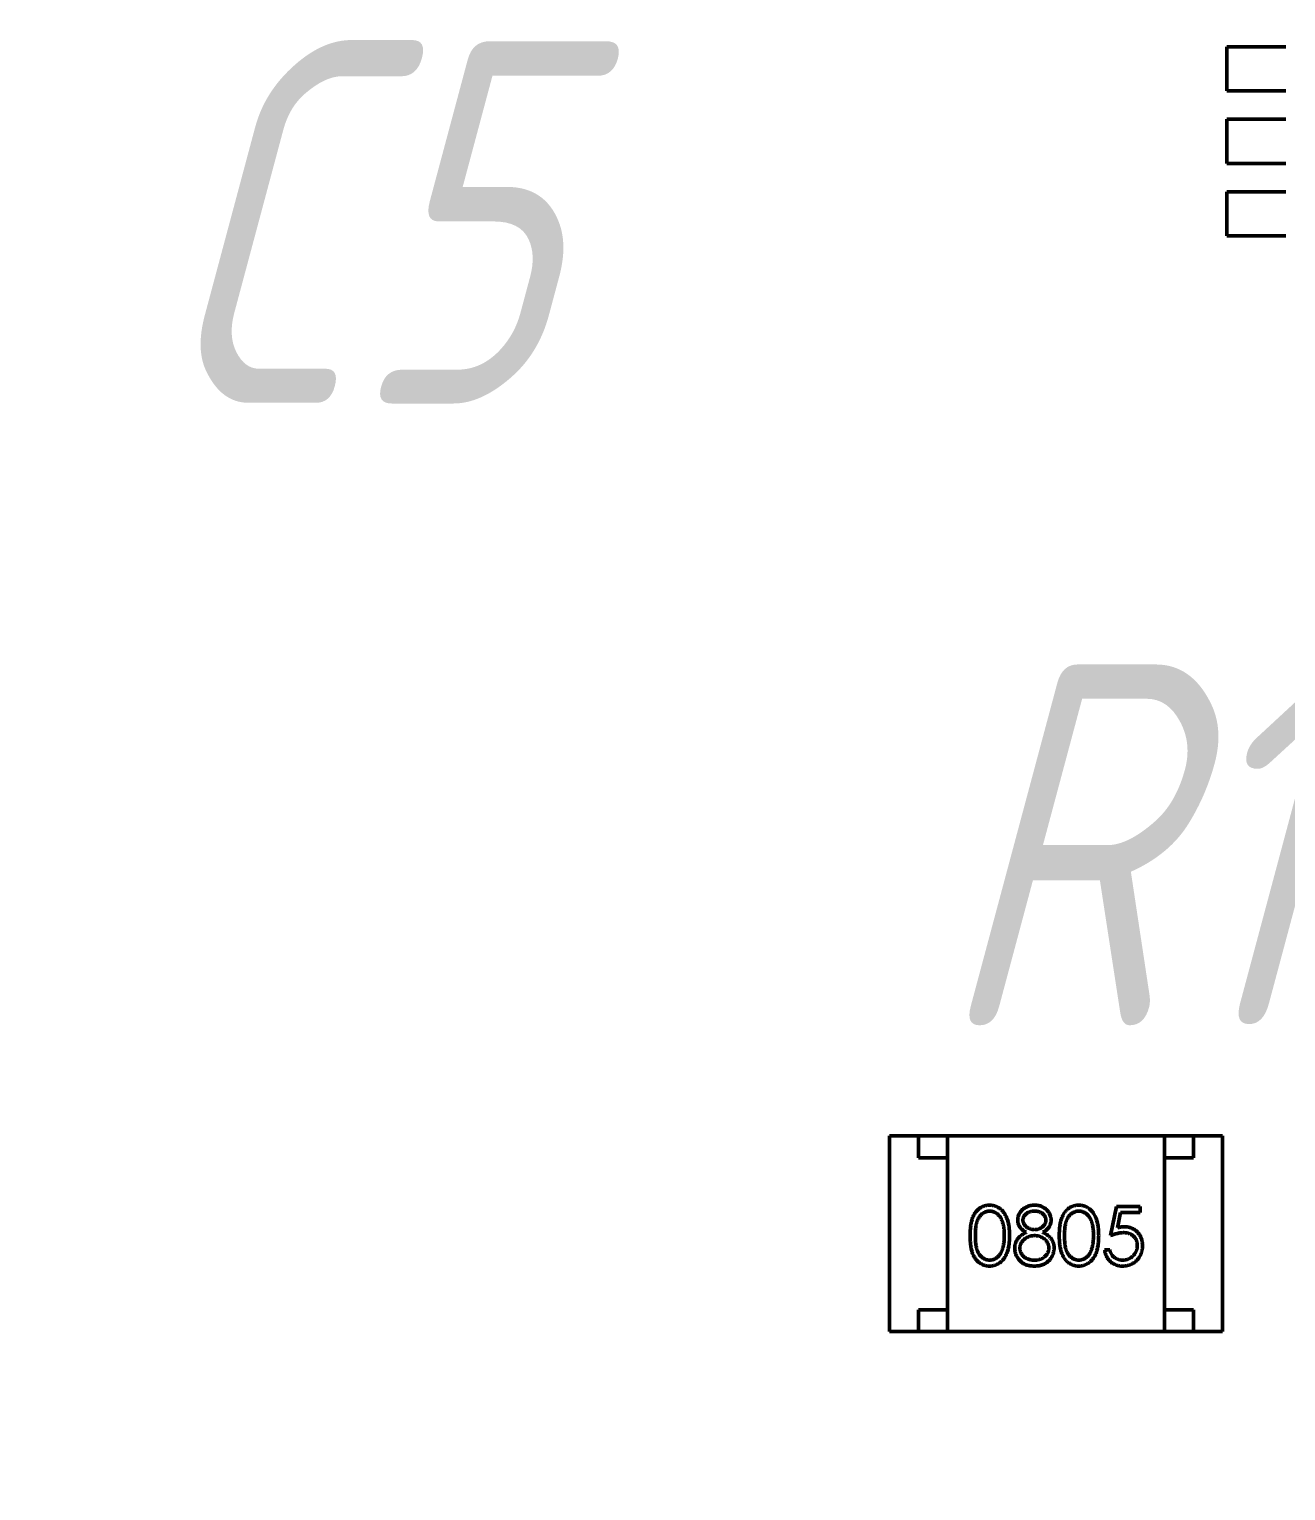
# Model space of a CAD drawing. Header units: millimetres. Extents: x -194 to 1085, y -28 to 392.
# Drawn here: x 626.27 to 643.62, y 282.15 to 302.32 of the extents above; entities that cross this region are included whole.
import ezdxf

# ---------------------------------------------------------------- set-up
doc = ezdxf.new("R2010")
doc.units = ezdxf.units.MM
doc.layers.add('Tonk', color=7, linetype='Continuous', lineweight=15)
doc.layers.add('Видимый контур (ГОСТ)', color=7, linetype='Continuous', lineweight=50)
doc.styles.get("Standard").update_dxf_attribs({"font": '', "width": 0.8, "oblique": 15})
doc.styles.get('Standard').set_extended_font_data('GOST type B')
doc.dimstyles.new('ISO-25', dxfattribs={"dimtxt": 3.5, "dimasz": 4, "dimexe": 1.25, "dimexo": 0, "dimtad": 1, "dimtxsty": 'Standard', "dimcen": 2.5, "dimadec": 0, "dimazin": 0, "dimtfac": 1, "dimtmove": 0, "dimatfit": 3, "dimfxl": 1, "dimarcsym": 0})

# ---------------------------------------------------------------- blocks, each defined once
blk = doc.blocks.new('*D69')
at = {"layer": 'Defpoints', "color": 0, "transparency": 16777216}
for p in [(604.798, 333.644), (546.471, 226.236), (640.469, 226.236)]:
    blk.add_point(p, dxfattribs=at)
at = {"layer": 'Tonk', "color": 0, "lineweight": -2, "transparency": 16777216}
for p, q in [((604.798, 333.644), (545.221, 333.644)), ((546.471, 329.644), (546.471, 230.236)), ((640.469, 226.236), (545.221, 226.236))]:
    blk.add_line(p, q, dxfattribs=at)
at = {"layer": 'Tonk', "color": 0, "transparency": 16777216}
for points in [[(545.804, 329.644), (547.137, 329.644), (546.471, 333.644)], [(545.804, 230.236), (547.137, 230.236), (546.471, 226.236)]]:
    blk.add_solid(points, dxfattribs=at)
at = {"layer": 'Tonk', "color": 0, "transparency": 16777216, "insert": (540.846, 278.93), "char_height": 10, "attachment_point": 5, "rotation": 90}
blk.add_mtext('57*', dxfattribs=at)

msp = doc.modelspace()

# ---------------------------------------------------------------- linework, layer by layer
at = {"layer": 'Видимый контур (ГОСТ)'}
for p, q in [((642.80785, 301.46991), (642.80785, 302.07791)), ((642.80785, 302.07791), (643.06185, 302.07791)), ((643.06185, 302.07791), (643.52185, 302.07791)), ((643.52185, 302.07791), (643.62018, 302.07791)), ((643.06185, 301.46991), (642.80785, 301.46991)), ((643.52185, 301.46991), (643.06185, 301.46991)), ((643.62018, 301.46991), (643.52185, 301.46991)), ((642.80785, 300.46991), (642.80785, 301.07791)), ((642.80785, 301.07791), (643.06185, 301.07791)), ((643.06185, 301.07791), (643.52185, 301.07791)), ((643.52185, 301.07791), (643.62018, 301.07791)), ((643.06185, 300.46991), (642.80785, 300.46991)), ((643.52185, 300.46991), (643.06185, 300.46991)), ((643.62018, 300.46991), (643.52185, 300.46991)), ((642.80785, 299.46991), (642.80785, 300.07791)), ((642.80785, 300.07791), (643.06185, 300.07791)), ((643.06185, 300.07791), (643.52185, 300.07791)), ((643.52185, 300.07791), (643.62018, 300.07791)), ((643.06185, 299.46991), (642.80785, 299.46991)), ((643.52185, 299.46991), (643.06185, 299.46991)), ((643.62018, 299.46991), (643.52185, 299.46991)), ((638.14784, 284.3461), (638.14784, 287.0461)), ((638.14784, 287.0461), (638.54784, 287.0461)), ((638.94784, 287.0461), (638.54784, 287.0461)), ((638.54784, 287.0461), (638.54784, 286.7461)), ((641.94784, 287.0461), (638.94784, 287.0461)), ((638.94784, 287.0461), (638.94784, 284.3461)), ((642.34784, 287.0461), (641.94784, 287.0461)), ((641.94784, 287.0461), (641.94784, 284.3461)), ((642.74784, 287.0461), (642.34784, 287.0461)), ((642.34784, 286.7461), (642.34784, 287.0461)), ((642.74784, 284.3461), (642.74784, 287.0461)), ((638.54784, 286.7461), (638.94784, 286.7461)), ((638.94784, 284.6461), (638.94784, 286.7461)), ((641.94784, 286.7461), (642.34784, 286.7461)), ((641.94784, 284.6461), (641.94784, 286.7461)), ((641.20107, 285.67045), (641.28312, 286.07045)), ((641.28312, 286.07045), (641.61132, 286.07045)), ((641.61132, 286.07045), (641.61132, 285.9884)), ((641.33921, 285.9884), (641.2961, 285.77798)), ((641.61132, 285.9884), (641.33921, 285.9884)), ((641.11902, 285.47558), (641.19081, 285.47558)), ((638.54784, 284.6461), (638.54784, 284.3461)), ((638.94784, 284.6461), (638.54784, 284.6461)), ((642.34784, 284.6461), (641.94784, 284.6461)), ((642.34784, 284.3461), (642.34784, 284.6461)), ((638.14784, 284.3461), (638.54784, 284.3461)), ((638.54784, 284.3461), (638.94784, 284.3461)), ((641.94784, 284.3461), (638.94784, 284.3461)), ((641.94784, 284.3461), (642.34784, 284.3461)), ((642.74784, 284.3461), (642.34784, 284.3461))]:
    msp.add_line(p, q, dxfattribs=at)
for points, knots in [([(639.26261, 285.67013), (639.26268, 285.68295), (639.26283, 285.70786), (639.26445, 285.74415), (639.26714, 285.7782), (639.27083, 285.81001), (639.27532, 285.83957), (639.28131, 285.86683), (639.28812, 285.89189), (639.29602, 285.91485), (639.30493, 285.93601), (639.31463, 285.95577), (639.3255, 285.97408), (639.33693, 285.99126), (639.34936, 286.00701), (639.36246, 286.02155), (639.37673, 286.03456), (639.39168, 286.04641), (639.40746, 286.0568), (639.4236, 286.06595), (639.44023, 286.07377), (639.45739, 286.07992), (639.47492, 286.08499), (639.49289, 286.08846), (639.51132, 286.09065), (639.52376, 286.09086), (639.53007, 286.09096)], [0, 0, 0, 0, 0.06859462, 0.13324604, 0.19431259, 0.25127922, 0.30451344, 0.35423491, 0.40048059, 0.44341075, 0.48401487, 0.5232523, 0.56104237, 0.59790024, 0.63351849, 0.66831435, 0.70249567, 0.73668535, 0.77029317, 0.80343726, 0.83591295, 0.86846025, 0.90084654, 0.93346652, 0.96625758, 1, 1, 1, 1]), ([(639.53007, 286.09096), (639.53644, 286.09085), (639.54909, 286.09063), (639.56779, 286.0885), (639.58607, 286.08496), (639.60383, 286.07995), (639.62123, 286.07374), (639.63813, 286.06594), (639.65464, 286.05688), (639.67048, 286.04622), (639.68585, 286.03434), (639.70035, 286.02091), (639.71399, 286.00606), (639.72695, 285.98996), (639.73885, 285.97229), (639.75018, 285.95337), (639.76032, 285.93286), (639.77009, 285.91111), (639.77852, 285.8875), (639.78612, 285.86219), (639.79227, 285.83485), (639.79738, 285.80565), (639.80135, 285.77447), (639.80424, 285.74138), (639.80576, 285.70636), (639.80605, 285.68242), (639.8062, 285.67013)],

- **Task requirements**: Transcribe, from the records above, the first line and every line after it up to and including the line with "doc.styles.get('Standard').set_extended_font_data('GOST type B')"; omit pictures.

- **Answer space**:
# Model space of a CAD drawing. Header units: millimetres. Extents: x -194 to 1085, y -28 to 392.
# Drawn here: x 626.27 to 643.62, y 282.15 to 302.32 of the extents above; entities that cross this region are included whole.
import ezdxf

# ---------------------------------------------------------------- set-up
doc = ezdxf.new("R2010")
doc.units = ezdxf.units.MM
doc.layers.add('Tonk', color=7, linetype='Continuous', lineweight=15)
doc.layers.add('Видимый контур (ГОСТ)', color=7, linetype='Continuous', lineweight=50)
doc.styles.get("Standard").update_dxf_attribs({"font": '', "width": 0.8, "oblique": 15})
doc.styles.get('Standard').set_extended_font_data('GOST type B')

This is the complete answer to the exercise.